| YOUR ASSIGNMENT |
Produce word for word the lines of the data below running from the one that has "line L103 (0.0405, 27.8193)" to the one that has "line L127 (5.5811, 15.3347)", inclusive, and no others.

(Extracted data entries)

============

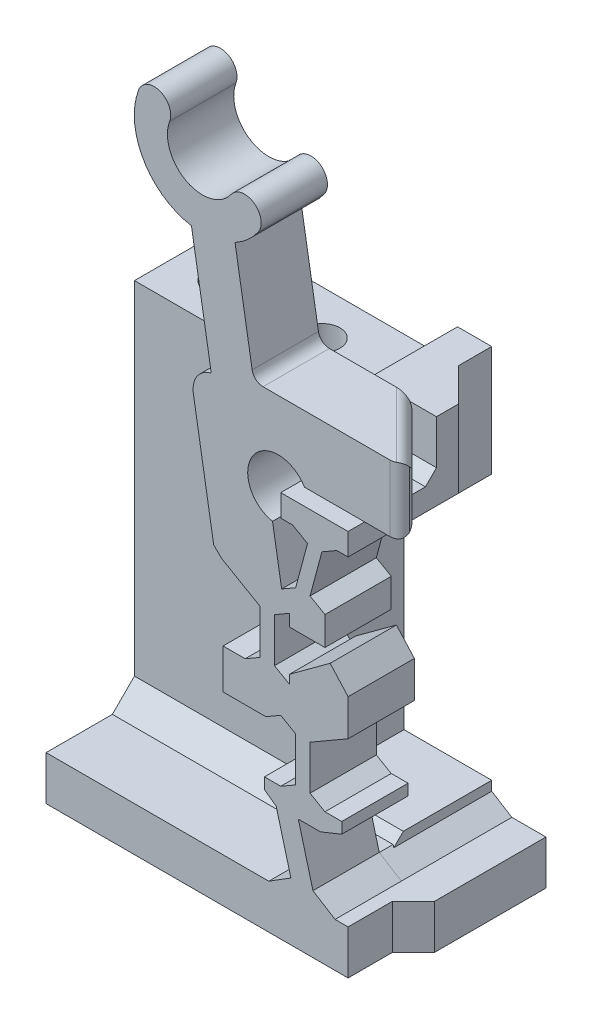
SolidWorks part; units mm, degrees
material "Nylon 6/12"
ref_plane "Front Plane" through (0, 0, 0) normal (0, 0, 1) x (1, 0, 0)
ref_plane "Top Plane" through (0, 0, 0) normal (0, 1, 0) x (1, 0, 0)
ref_plane "Right Plane" through (0, 0, 0) normal (1, 0, 0) x (0, 0, -1)
sketch "Sketch-SkeletonConfigUp" plane through (0, 0, 0) normal (0, 0, 1) x (1, 0, 0)
  line L0 (0, 0) -> (0, -50000) construction
  line L1 (0, 0) -> (4.5811, 6.2164) construction
  line L2 (9.8143, 13.3177) -> (4.5811, 13.945) construction
  line L3 (4.5811, 13.945) -> (2.9713, 10.4094) construction
  line L4 (2.9713, 10.4094) -> (4.5811, 6.2164) construction
  line L5 (4.5811, 13.945) -> (6.2429, 19.1409) construction
  line L6 (2.9713, 10.4094) -> (0.0405, 27.8193) construction
  line L7 (4.5811, 6.2164) -> (9.8143, 13.3177) construction
  line L8 (-587.3593, -797.0242) -> (9.8143, 13.3177) construction
  dimension "D2" = 7.7221
  dimension "D3" = 8.8212
  dimension "D4" = 5.2707
  dimension "D5" = 119.553
  dimension "D6" = 3.8848
  dimension "D7" = 5.4552
  dimension "D8" = 17.6549
  dimension "D9" = 4.4914
  dimension "D10" = 6.745
  dimension "D11" = 145.964
  dimension "D12" = 143.612
sketch "Sketch-SkeletonConfigDown" plane through (0, 0, 0) normal (0, 0, 1) x (1, 0, 0)
  line L0 (0, 0) -> (0, -50000) construction
  line L1 (0, 0) -> (4.5811, 6.2164) construction
  line L2 (9.8143, 13.3177) -> (4.5811, 13.945) construction
  line L3 (4.5811, 13.945) -> (6.1909, 10.4094) construction
  line L4 (6.1909, 10.4094) -> (4.5811, 6.2164) construction
  line L5 (4.5811, 13.945) -> (1.753, 18.6098) construction
  line L6 (6.1909, 10.4094) -> (-8.8652, 19.6294) construction
  line L7 (4.5811, 6.2164) -> (9.8143, 13.3177) construction
  line L8 (-589.9357, -800.5203) -> (9.8143, 13.3177) construction
  dimension "D2" = 7.7221
  dimension "D3" = 8.8212
  dimension "D4" = 5.2707
  dimension "D5" = 119.553
  dimension "D6" = 3.8848
  dimension "D7" = 5.4552
  dimension "D8" = 17.6549
  dimension "D9" = 4.4914
  dimension "D10" = 6.745
  dimension "D11" = 145.964
  dimension "D1" = 143.612
ref_plane "Plane-Cam Base" through (9.128, 0, 0) normal (1, 0, 0) x (0, 0, -1)
ref_plane "Plane-Down-to-Up Derailleur Clearance" through (6.628, 0, 0) normal (1, 0, 0) x (0, 0, -1)
ref_plane "Plane-Cam Cavity Roof" through (5.128, 0, 0) normal (1, 0, 0) x (0, 0, -1)
sketch "Sketch-SwitchBossUp" plane through (0, 0, 0) normal (0, 0, 1) x (1, 0, 0)
  line L0 (3.5811, 11.4759) -> (3.5811, 12.945) construction
  line L5 (5.5811, 12.5552) -> (5.5811, 11.263)
  line L7 (1.5115, 25.1048) -> (2.3566, 20.0847)
  line L8 (-0.4607, 24.7728) -> (0.4359, 19.4465)
  line L9 (2.9713, 10.4094) -> (0.0405, 27.8193) construction
  line L11 (-0.0396, 22.2712) -> (1.9326, 22.6032) construction
  line L15 (6.628, -23.7286) -> (6.628, 23.7286) construction
  line L16 (2.9713, 10.4094) -> (4.5811, 6.2164) construction
  line L17 (3.5811, 12.945) -> (3.5811, 14.945) construction
  line L18 (5.5811, 12.945) -> (5.5811, 14.945) construction
  line L19 (4.2561, 13.945) -> (4.9061, 13.945) construction
  line L20 (3.5811, 14.945) -> (5.5811, 14.945) construction
  line L21 (3.5811, 12.945) -> (5.5811, 12.945) construction
  line L22 (4.5811, 12.945) -> (4.5811, 14.945) construction
  line L23 (4.5811, 6.2164) -> (8.5405, 7.1023) construction
  line L24 (1.9713, 9.4094) -> (1.9713, 11.4094) construction
  line L25 (3.9713, 9.4094) -> (3.9713, 11.4094) construction
  line L26 (3.9713, 9.4094) -> (1.9713, 9.4094) construction
  line L27 (1.9713, 11.4094) -> (3.9713, 11.4094) construction
  line L28 (3.5811, 7.2164) -> (5.5811, 7.2164) construction
  line L29 (3.5811, 7.2164) -> (3.5811, 5.2164) construction
  line L30 (5.5811, 7.2164) -> (5.5811, 5.2164) construction
  line L31 (3.5811, 5.2164) -> (5.5811, 5.2164) construction
  line L32 (4.9061, 6.2164) -> (4.2561, 6.2164) construction
  line L40 (3.2963, 10.4094) -> (2.6463, 10.4094) construction
  line L66 (0.0405, 27.8193) -> (0.0405, 50027.8193) construction
  line L74 (0.5455, 12.7717) -> (-0.3728, 18.2264)
  line L75 (0.3841, 13.7302) -> (2.3564, 14.0622) construction
  line L76 (5.5811, 11.263) -> (5.5811, 12.5552) construction
  line L77 (5.5811, 7.6061) -> (6.628, 8.2105)
  line L80 (5.8152, 10.763) -> (6.628, 9.8603)
  line L81 (9.128, 1033.2419) -> (9.128, 20.0586) construction
  line L82 (4.6532, 17.0847) -> (9.028, 17.0847)
  line L85 (6.9307, 9.5241) -> (8.5405, 7.7363) construction
  line L88 (5.7256, 16.3347) -> (6.628, 16.3347)
  line L92 (3.7762, 8.3129) -> (6.9307, 9.5241) construction
  line L95 (2.3566, 20.0847) -> (7.4359, 20.0847)
  line L96 (7.4359, 20.0847) -> (9.028, 20.0847)
  line L97 (3.2085, 15.0241) -> (3.6203, 12.5779)
  line L98 (1.9713, 9.0197) -> (0.9713, 9.0197)
  line L99 (0.9713, 9.0197) -> (0.9713, 7.2164)
  line L100 (0.9713, 7.2164) -> (2.9061, 7.2164)
  line L101 (4.5811, 6.2164) -> (6.9307, 9.5241) construction
  line L103 (0.0405, 27.8193) -> (1.9448, 26.4638) construction
  line L104 (6.9307, 9.5241) -> (8.5405, 7.7363) construction
  line L107 (1.9713, 9.4094) -> (1.9713, 9.0197) construction
  line L109 (0.0405, 27.8193) -> (-2.1498, 28.6358) construction
  line L111 (6.628, 9.8603) -> (6.628, 8.2105)
  line L112 (6.628, 9.8603) -> (6.9307, 9.5241) construction
  line L113 (2.8424, 4.8267) -> (2.8424, 4.3267)
  line L114 (7.3693, 7.7363) -> (7.3563, 7.7363) construction
  line L121 (5.0383, -1.1653) -> (5.0383, 1.4614) construction
  line L122 (2.8616, 17.0847) -> (3.2085, 15.0241) construction
  line L127 (5.5811, 15.3347) -> (5.5811, 14.945) construction
  line L130 (6.0388, 0.837) -> (6.628, 0.837)
  line L132 (2.8424, 4.3267) -> (3.3749, 3.937)
  line L133 (2.9713, 10.4094) -> (6.1909, 10.4094) construction
  line L134 (4.5811, 10.4094) -> (4.5811, 13.945) construction
  line L135 (4.5811, 10.4094) -> (4.5811, 6.2164) construction
  line L136 (0.8973, 12.4192) -> (0.5455, 12.7717)
  line L137 (3.9713, 9.4094) -> (5.5811, 7.2164) construction
  line L139 (5.8152, 10.763) -> (3.9713, 9.4094)
  line L141 (4.0386, 1.4604) -> (3.0388, 0.8347)
  line L142 (3.0388, 0.8347) -> (3.0388, -1.1653)
  line L143 (9.128, 20.0586) -> (9.128, 18.3333) construction
  line L145 (9.128, 16.6071) -> (9.128, -49992.4167) construction
  line L147 (5.5811, 11.263) -> (5.5811, 12.5552) construction
  line L150 (3.0388, -1.1653) -> (5.0383, -1.1653)
  line L151 (3.3749, 3.937) -> (4.3749, 3.937) construction
  line L152 (4.792, 14.945) -> (4.2561, 12.945)
  line L153 (5.442, 14.945) -> (4.9061, 12.945)
  line L157 (3.5811, 16.3347) -> (3.5811, 15.3347)
  line L158 (6.117, 15.3347) -> (6.628, 15.3347)
  line L162 (3.2963, 11.4094) -> (3.2963, 9.4094)
  line L164 (2.6463, 11.4094) -> (2.6463, 9.4094)
  line L169 (4.2561, 7.2164) -> (4.2561, 5.2164)
  line L170 (4.9061, 5.2164) -> (4.9061, 7.2164)
  line L175 (4.2561, 7.2164) -> (3.5811, 7.6061)
  line L176 (4.9061, 7.2164) -> (5.5811, 7.6061)
  line L177 (5.5811, 7.2164) -> (5.5811, 7.6061) construction
  line L179 (4.2561, 5.2164) -> (3.5811, 4.8267)
  line L180 (3.5811, 5.2164) -> (3.5811, 4.8267) construction
  line L181 (3.5811, 4.8267) -> (2.8424, 4.8267)
  line L183 (4.9061, 5.2164) -> (5.5811, 4.8267)
  line L184 (5.5811, 5.2164) -> (5.5811, 4.8267) construction
  line L186 (9.128, -23.7286) -> (9.128, 23.7286) construction
  line L187 (2.6463, 9.4094) -> (1.9713, 9.0197)
  line L188 (3.2963, 9.4094) -> (3.9713, 9.0197)
  line L189 (3.2963, 11.4094) -> (3.9713, 11.7991)
  line L190 (2.6463, 11.4094) -> (0.8973, 12.4192)
  line L191 (3.9713, 11.4094) -> (3.9713, 11.7991) construction
  line L192 (3.9713, 11.7991) -> (3.9713, 11.263)
  line L193 (4.9061, 12.945) -> (5.5811, 12.5552)
  line L194 (4.2561, 12.945) -> (3.6203, 12.5779)
  line L195 (3.9713, 11.263) -> (5.5811, 11.263)
  line L196 (3.9713, 9.4094) -> (3.9713, 9.0197)
  line L197 (3.5811, 7.2164) -> (3.5811, 7.6061) construction
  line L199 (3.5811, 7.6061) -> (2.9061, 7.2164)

============

| SOLUTION FOR THIS PROBLEM |
  line L103 (0.0405, 27.8193) -> (1.9448, 26.4638) construction
  line L104 (6.9307, 9.5241) -> (8.5405, 7.7363) construction
  line L107 (1.9713, 9.4094) -> (1.9713, 9.0197) construction
  line L109 (0.0405, 27.8193) -> (-2.1498, 28.6358) construction
  line L111 (6.628, 9.8603) -> (6.628, 8.2105)
  line L112 (6.628, 9.8603) -> (6.9307, 9.5241) construction
  line L113 (2.8424, 4.8267) -> (2.8424, 4.3267)
  line L114 (7.3693, 7.7363) -> (7.3563, 7.7363) construction
  line L121 (5.0383, -1.1653) -> (5.0383, 1.4614) construction
  line L122 (2.8616, 17.0847) -> (3.2085, 15.0241) construction
  line L127 (5.5811, 15.3347) -> (5.5811, 14.945) construction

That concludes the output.